Постепенно он постиг все тонкости покупки картин, интересуясь поначалу исключительно материальной стороной вопроса. Так, однажды вначале он купил сразу целую партию картин, просто зная по опыту, что покупать оптом выгоднее, чем по одной. При этом он постоянно посещал аукционы и галереи, многое узнавал в процессе и постоянно обо всем спрашивал свою жену. В его доме уже осело более дюжины полотен, один из владельцев галереи предложил ему не пару сотен за картину, а более тысячи евро, — и тут начинающему коллекционеру открылась «истина». И вот уж прошло почти пятнадцать лет, как новая страсть захватила его, и он уже не мог заниматься ничем другим, он продал свою долю в торговой сети и посвятил жизнь коллекционированию.
За это время он обнаружил свои собственные предпочтения: бидермейер, австрийский импрессионизм, стиль сецессион, искусство рубежа XIX–XX веков и межвоенного периода. Сначала он собирал только работы австрийских художников, позже еще и венгерских, представителей других стран в коллекции нет. Его интересы во многом определила книга Альмы Малер-Верфель. Увидев картину Эмиля Якоба Шиндлера, он тут же произнес: «Ага, отец Альмы Малер». Шиндлер — центральная фигура его коллекции, и если Айзенбергера спросить, что он взял бы с собой на необитаемый остров, то он назвал бы произведения этого художника. Легко понять, чем его так восхищает Альма Малер: эта женщина была музой многих известных ныне художников еще в самом начале их творческого пути. Бронча Коллер, Карл Молль, Тина Блау, Ольга Визингер-Флориан, Мария Эгнер, Исидор Кауфманн — звезды коллекции Айзенбергера, ну и, конечно, венгры, полотна которых он стал покупать после смены режима: Иожеф Риппл-Ронаи, Янош Васари, Иштван Чок.
Для него важен также объект творчества. В целом, его собрание характеризуется еврейской темой. Айзенбергеру уже далеко за восемьдесят, но все свободное время он посвящает своей страсти: изготавливает рамы для картин, причем делает это мастерски и иногда по собственным эскизам. И до сих пор он не пропускает ни одного заметного события художественной жизни Вены.

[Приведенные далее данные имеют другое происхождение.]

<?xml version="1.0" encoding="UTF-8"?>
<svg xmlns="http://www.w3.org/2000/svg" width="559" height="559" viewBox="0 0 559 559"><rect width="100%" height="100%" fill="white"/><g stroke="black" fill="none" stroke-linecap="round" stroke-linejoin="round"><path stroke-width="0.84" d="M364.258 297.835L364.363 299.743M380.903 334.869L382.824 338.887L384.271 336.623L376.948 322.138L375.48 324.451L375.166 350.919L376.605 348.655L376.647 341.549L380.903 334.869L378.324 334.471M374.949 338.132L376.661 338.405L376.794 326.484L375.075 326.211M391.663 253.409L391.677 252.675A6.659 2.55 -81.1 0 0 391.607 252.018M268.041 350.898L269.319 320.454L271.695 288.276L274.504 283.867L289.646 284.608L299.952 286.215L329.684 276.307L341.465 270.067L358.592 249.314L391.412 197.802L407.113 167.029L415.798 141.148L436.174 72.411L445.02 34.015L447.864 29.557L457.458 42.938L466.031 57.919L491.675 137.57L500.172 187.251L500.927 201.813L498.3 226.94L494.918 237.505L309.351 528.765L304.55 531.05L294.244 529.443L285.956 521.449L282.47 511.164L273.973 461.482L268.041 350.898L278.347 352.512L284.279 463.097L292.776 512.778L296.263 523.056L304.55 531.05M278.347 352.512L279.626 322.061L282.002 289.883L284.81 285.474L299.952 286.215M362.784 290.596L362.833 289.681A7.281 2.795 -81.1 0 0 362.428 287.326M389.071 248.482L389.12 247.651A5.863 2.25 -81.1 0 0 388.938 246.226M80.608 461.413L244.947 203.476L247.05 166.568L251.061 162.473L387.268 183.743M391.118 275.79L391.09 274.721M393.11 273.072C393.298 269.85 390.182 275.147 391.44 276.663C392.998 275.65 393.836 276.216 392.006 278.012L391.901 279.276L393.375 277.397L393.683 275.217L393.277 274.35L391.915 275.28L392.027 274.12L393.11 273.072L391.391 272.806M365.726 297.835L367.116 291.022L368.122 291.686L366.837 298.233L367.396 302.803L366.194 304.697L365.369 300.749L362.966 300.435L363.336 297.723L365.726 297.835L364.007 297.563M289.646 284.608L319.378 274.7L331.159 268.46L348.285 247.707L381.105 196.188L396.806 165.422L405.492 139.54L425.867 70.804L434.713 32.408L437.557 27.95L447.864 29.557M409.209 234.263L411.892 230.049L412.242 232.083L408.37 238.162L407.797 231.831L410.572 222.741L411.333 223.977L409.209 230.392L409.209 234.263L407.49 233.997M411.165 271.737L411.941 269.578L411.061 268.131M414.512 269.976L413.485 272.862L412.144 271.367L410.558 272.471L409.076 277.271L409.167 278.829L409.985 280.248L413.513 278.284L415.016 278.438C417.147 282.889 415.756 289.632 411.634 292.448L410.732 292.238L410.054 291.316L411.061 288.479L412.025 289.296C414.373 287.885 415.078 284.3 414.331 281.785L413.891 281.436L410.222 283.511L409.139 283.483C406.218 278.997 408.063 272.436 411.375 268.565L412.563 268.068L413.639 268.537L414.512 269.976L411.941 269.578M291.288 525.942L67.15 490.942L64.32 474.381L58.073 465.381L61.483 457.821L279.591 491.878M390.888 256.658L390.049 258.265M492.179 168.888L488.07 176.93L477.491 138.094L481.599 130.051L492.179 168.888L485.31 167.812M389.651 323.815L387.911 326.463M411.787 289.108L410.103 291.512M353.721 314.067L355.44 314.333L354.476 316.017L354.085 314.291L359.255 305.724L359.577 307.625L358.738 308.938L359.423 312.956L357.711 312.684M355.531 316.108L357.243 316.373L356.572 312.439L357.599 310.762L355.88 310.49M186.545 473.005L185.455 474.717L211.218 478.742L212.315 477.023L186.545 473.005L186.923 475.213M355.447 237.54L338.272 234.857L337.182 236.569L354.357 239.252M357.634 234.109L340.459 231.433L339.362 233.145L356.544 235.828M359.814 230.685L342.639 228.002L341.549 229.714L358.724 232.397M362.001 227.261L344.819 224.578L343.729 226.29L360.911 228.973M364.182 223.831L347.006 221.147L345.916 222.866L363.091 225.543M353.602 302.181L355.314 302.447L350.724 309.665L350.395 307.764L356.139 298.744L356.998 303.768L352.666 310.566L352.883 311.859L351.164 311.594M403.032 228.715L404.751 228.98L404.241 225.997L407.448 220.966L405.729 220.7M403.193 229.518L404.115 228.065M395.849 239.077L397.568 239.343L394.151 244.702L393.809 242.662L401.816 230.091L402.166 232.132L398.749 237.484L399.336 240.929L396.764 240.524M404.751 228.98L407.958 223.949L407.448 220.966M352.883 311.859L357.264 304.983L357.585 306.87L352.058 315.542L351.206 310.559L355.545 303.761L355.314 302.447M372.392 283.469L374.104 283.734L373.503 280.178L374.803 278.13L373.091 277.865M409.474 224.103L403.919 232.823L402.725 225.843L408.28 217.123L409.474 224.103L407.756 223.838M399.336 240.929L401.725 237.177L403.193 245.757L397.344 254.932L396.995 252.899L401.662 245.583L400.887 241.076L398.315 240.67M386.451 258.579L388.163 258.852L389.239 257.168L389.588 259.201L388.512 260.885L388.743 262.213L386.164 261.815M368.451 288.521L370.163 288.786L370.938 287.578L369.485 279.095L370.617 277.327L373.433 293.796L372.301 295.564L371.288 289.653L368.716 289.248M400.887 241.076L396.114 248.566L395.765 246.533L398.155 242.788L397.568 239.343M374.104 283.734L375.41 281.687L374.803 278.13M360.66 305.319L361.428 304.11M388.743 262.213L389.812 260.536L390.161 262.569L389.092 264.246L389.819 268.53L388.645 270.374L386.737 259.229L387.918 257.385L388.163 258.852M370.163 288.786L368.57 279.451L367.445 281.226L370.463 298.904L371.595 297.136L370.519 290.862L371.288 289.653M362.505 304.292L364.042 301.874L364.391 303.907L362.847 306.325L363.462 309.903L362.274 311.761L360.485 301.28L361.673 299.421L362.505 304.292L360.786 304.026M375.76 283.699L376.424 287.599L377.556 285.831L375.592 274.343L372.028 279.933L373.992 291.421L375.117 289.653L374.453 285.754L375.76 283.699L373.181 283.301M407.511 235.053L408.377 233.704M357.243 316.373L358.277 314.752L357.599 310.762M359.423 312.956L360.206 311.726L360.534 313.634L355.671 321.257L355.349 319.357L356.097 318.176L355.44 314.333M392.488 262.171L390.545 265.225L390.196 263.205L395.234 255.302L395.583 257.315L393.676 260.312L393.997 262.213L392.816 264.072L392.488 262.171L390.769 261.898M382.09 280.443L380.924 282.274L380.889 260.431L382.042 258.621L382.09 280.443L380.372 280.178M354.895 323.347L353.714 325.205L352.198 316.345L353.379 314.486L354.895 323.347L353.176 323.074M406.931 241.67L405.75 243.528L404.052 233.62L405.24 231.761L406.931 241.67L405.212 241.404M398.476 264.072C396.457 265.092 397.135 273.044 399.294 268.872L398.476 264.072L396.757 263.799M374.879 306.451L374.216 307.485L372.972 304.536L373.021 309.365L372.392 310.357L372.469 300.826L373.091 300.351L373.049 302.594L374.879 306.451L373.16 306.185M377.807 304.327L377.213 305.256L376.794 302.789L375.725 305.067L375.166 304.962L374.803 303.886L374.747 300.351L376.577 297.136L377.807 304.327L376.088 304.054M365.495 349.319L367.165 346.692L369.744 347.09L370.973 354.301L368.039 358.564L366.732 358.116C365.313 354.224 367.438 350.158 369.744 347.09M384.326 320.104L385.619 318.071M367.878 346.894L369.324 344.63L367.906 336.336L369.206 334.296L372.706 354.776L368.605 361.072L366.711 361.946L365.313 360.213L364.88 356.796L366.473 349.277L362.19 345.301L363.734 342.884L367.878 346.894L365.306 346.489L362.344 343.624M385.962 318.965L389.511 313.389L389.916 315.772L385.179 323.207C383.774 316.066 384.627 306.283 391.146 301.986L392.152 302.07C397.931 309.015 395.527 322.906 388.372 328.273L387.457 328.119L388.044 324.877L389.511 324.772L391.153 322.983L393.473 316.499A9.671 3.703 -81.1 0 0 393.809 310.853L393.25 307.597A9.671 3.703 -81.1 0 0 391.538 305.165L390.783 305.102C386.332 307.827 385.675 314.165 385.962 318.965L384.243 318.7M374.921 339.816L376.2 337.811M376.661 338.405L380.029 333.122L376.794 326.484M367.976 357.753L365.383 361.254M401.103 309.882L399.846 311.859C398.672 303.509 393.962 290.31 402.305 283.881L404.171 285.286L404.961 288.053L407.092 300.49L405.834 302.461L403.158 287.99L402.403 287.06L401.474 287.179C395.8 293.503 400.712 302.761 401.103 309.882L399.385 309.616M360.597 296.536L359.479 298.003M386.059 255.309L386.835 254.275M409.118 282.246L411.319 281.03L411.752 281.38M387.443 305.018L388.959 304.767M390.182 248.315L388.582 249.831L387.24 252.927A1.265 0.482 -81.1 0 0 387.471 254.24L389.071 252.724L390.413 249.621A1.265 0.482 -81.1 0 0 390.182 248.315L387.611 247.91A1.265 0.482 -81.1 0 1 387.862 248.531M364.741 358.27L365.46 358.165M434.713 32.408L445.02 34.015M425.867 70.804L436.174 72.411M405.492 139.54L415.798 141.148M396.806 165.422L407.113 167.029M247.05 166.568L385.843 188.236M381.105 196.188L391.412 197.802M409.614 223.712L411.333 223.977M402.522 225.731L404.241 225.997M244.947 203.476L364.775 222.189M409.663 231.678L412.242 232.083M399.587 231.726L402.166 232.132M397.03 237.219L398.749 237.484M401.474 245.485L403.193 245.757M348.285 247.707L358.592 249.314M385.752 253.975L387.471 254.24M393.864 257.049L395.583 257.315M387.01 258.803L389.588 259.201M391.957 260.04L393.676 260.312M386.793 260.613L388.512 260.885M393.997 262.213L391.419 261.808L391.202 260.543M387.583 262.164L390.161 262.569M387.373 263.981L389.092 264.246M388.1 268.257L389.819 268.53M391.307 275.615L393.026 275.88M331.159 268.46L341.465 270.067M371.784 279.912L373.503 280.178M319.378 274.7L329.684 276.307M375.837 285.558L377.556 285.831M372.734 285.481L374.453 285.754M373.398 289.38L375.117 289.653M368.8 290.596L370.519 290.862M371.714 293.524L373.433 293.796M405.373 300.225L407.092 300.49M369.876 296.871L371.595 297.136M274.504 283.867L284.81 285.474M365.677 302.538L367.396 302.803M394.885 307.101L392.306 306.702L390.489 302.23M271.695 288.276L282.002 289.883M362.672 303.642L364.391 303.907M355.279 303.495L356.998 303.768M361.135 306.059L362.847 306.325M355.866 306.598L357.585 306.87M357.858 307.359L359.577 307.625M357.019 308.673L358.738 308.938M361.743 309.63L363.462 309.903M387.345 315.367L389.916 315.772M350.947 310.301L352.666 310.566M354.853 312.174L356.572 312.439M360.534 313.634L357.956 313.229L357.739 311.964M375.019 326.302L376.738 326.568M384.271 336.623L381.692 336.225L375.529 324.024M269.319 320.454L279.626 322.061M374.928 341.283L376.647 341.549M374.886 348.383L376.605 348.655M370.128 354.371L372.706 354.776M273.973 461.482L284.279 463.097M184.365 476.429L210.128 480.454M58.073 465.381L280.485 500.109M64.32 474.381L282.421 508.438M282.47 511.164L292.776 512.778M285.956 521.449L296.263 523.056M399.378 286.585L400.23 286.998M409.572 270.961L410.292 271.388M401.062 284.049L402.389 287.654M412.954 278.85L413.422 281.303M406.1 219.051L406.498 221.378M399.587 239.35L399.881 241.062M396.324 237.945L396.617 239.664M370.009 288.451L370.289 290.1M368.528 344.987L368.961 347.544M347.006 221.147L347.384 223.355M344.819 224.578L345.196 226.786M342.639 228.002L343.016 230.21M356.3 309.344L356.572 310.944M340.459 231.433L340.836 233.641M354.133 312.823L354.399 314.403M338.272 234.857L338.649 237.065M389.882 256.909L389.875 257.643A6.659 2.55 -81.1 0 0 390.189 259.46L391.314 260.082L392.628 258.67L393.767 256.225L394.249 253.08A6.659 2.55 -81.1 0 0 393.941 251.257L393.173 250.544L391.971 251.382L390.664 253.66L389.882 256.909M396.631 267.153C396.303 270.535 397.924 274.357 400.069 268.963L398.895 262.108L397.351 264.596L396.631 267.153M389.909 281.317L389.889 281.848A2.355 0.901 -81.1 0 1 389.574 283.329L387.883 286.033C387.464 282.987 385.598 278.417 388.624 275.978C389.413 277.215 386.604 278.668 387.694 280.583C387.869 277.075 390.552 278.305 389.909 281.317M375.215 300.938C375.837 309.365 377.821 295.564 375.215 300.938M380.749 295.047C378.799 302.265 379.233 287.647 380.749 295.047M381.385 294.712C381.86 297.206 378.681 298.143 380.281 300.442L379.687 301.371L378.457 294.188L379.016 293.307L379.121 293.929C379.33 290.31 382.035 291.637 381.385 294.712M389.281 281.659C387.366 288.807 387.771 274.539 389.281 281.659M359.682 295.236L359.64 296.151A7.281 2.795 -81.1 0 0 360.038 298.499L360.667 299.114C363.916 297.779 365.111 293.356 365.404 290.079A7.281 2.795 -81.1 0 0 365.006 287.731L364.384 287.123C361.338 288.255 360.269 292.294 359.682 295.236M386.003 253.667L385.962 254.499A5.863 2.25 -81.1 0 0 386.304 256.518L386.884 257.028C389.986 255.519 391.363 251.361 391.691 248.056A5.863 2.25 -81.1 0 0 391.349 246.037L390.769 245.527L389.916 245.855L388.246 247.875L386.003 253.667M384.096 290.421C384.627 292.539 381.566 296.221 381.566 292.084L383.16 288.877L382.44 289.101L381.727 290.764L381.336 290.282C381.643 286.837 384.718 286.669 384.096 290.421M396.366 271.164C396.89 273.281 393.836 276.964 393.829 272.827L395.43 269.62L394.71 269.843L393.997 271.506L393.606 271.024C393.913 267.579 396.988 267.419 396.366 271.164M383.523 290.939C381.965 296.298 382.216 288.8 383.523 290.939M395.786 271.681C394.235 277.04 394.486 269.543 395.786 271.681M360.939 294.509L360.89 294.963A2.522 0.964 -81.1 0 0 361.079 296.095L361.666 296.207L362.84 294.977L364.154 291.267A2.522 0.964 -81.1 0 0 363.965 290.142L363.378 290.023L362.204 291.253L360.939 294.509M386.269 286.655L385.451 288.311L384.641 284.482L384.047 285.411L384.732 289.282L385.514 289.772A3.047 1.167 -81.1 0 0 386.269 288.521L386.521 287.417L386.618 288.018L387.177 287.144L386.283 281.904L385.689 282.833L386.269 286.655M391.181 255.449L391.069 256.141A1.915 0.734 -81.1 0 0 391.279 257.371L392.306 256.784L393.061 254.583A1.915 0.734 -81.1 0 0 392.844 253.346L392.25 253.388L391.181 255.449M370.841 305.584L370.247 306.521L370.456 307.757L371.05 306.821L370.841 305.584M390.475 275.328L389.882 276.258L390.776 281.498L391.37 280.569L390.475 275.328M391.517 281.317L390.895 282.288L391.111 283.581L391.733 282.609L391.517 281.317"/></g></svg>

Отрадно видеть, что Вена начинает открывать для себя современное венгерское искусство. Некоторые серьезные владельцы галерей специализируются исключительно на нем. Так, Ганс Кнолль содержит галереи как в Вене, так и в Будапеште, продвигая молодых художников, для которых периодически организует персональные выставки. Он просто помогает тем, кого знает, но если что-нибудь продает, то конечно берет за это деньги. Но все больше появляется венских венгров, которые вообще никак не связаны с изобразительным искусством, однако горят энтузиазмом и готовы всячески помочь в организации больших и маленьких выставок. Одни могут предоставить для них свои квартиры, другие ищут банки и страховые компании, которые готовы, исходя из деловых интересов, содействовать культурному обмену в такой форме. Среди посетителей подобных вернисажей фирмы, как правило, находят новых важных партнеров и клиентов. Обычно среди посетителей много клиентов фирм-организаторов, одни что-то покупают, в других просто просыпается интерес к незаслуженно забытым венгерским художникам. Новый круг коллекционеров формируется почти незаметно. Прежде чем любитель искусства станет Леопольдом, Эсслем или Айзенбергером, ему суждено долго жить в безвестности.
Глава девятая
Музыка, музыка, музыка!
В Вене властвует музыка. Так было всегда: богатые и бедные, утонченные ценители и обычные люди, знатоки и необразованные — все любят и знают музыку, хоть и каждый на своем уровне. Трудно отделить историю этого города от музыки.
Семейство Вечера еще не жило на Салезианергассе, И, да и сам переулок назывался еще Вааггассе (Тележная улица), потому что здесь проезжали повозки к рынку Хоймаркт (Сенному), который и сегодня известен под тем же именем. Но и его обитатели, и утонченное общество из окрестных дворцов радовались, когда 5 января 1870 года на соседней площади Карлсплатц открылся концертный зал Музыкального общества (Музикферайн). В тот январский день император Франц-Иосиф лично уложил символический последний камень нового здания, конечно, на этой церемонии присутствовали только избранные, после чего взволнованная таким событием публика направилась в Золотой зал, где уже тогда называвшийся «филармоническим» оркестр исполнил бетховенскую симфонию № 5.
Неделю спустя, когда Клара Шуман давала концерт в небольшом, только что открытом зале Брамса, случился пожар. Тогда много писали о том, что первые венские концертные залы выгорели дотла. Но их отстроили заново в рекордные сроки, и уже через несколько месяцев здесь вновь звучала музыка.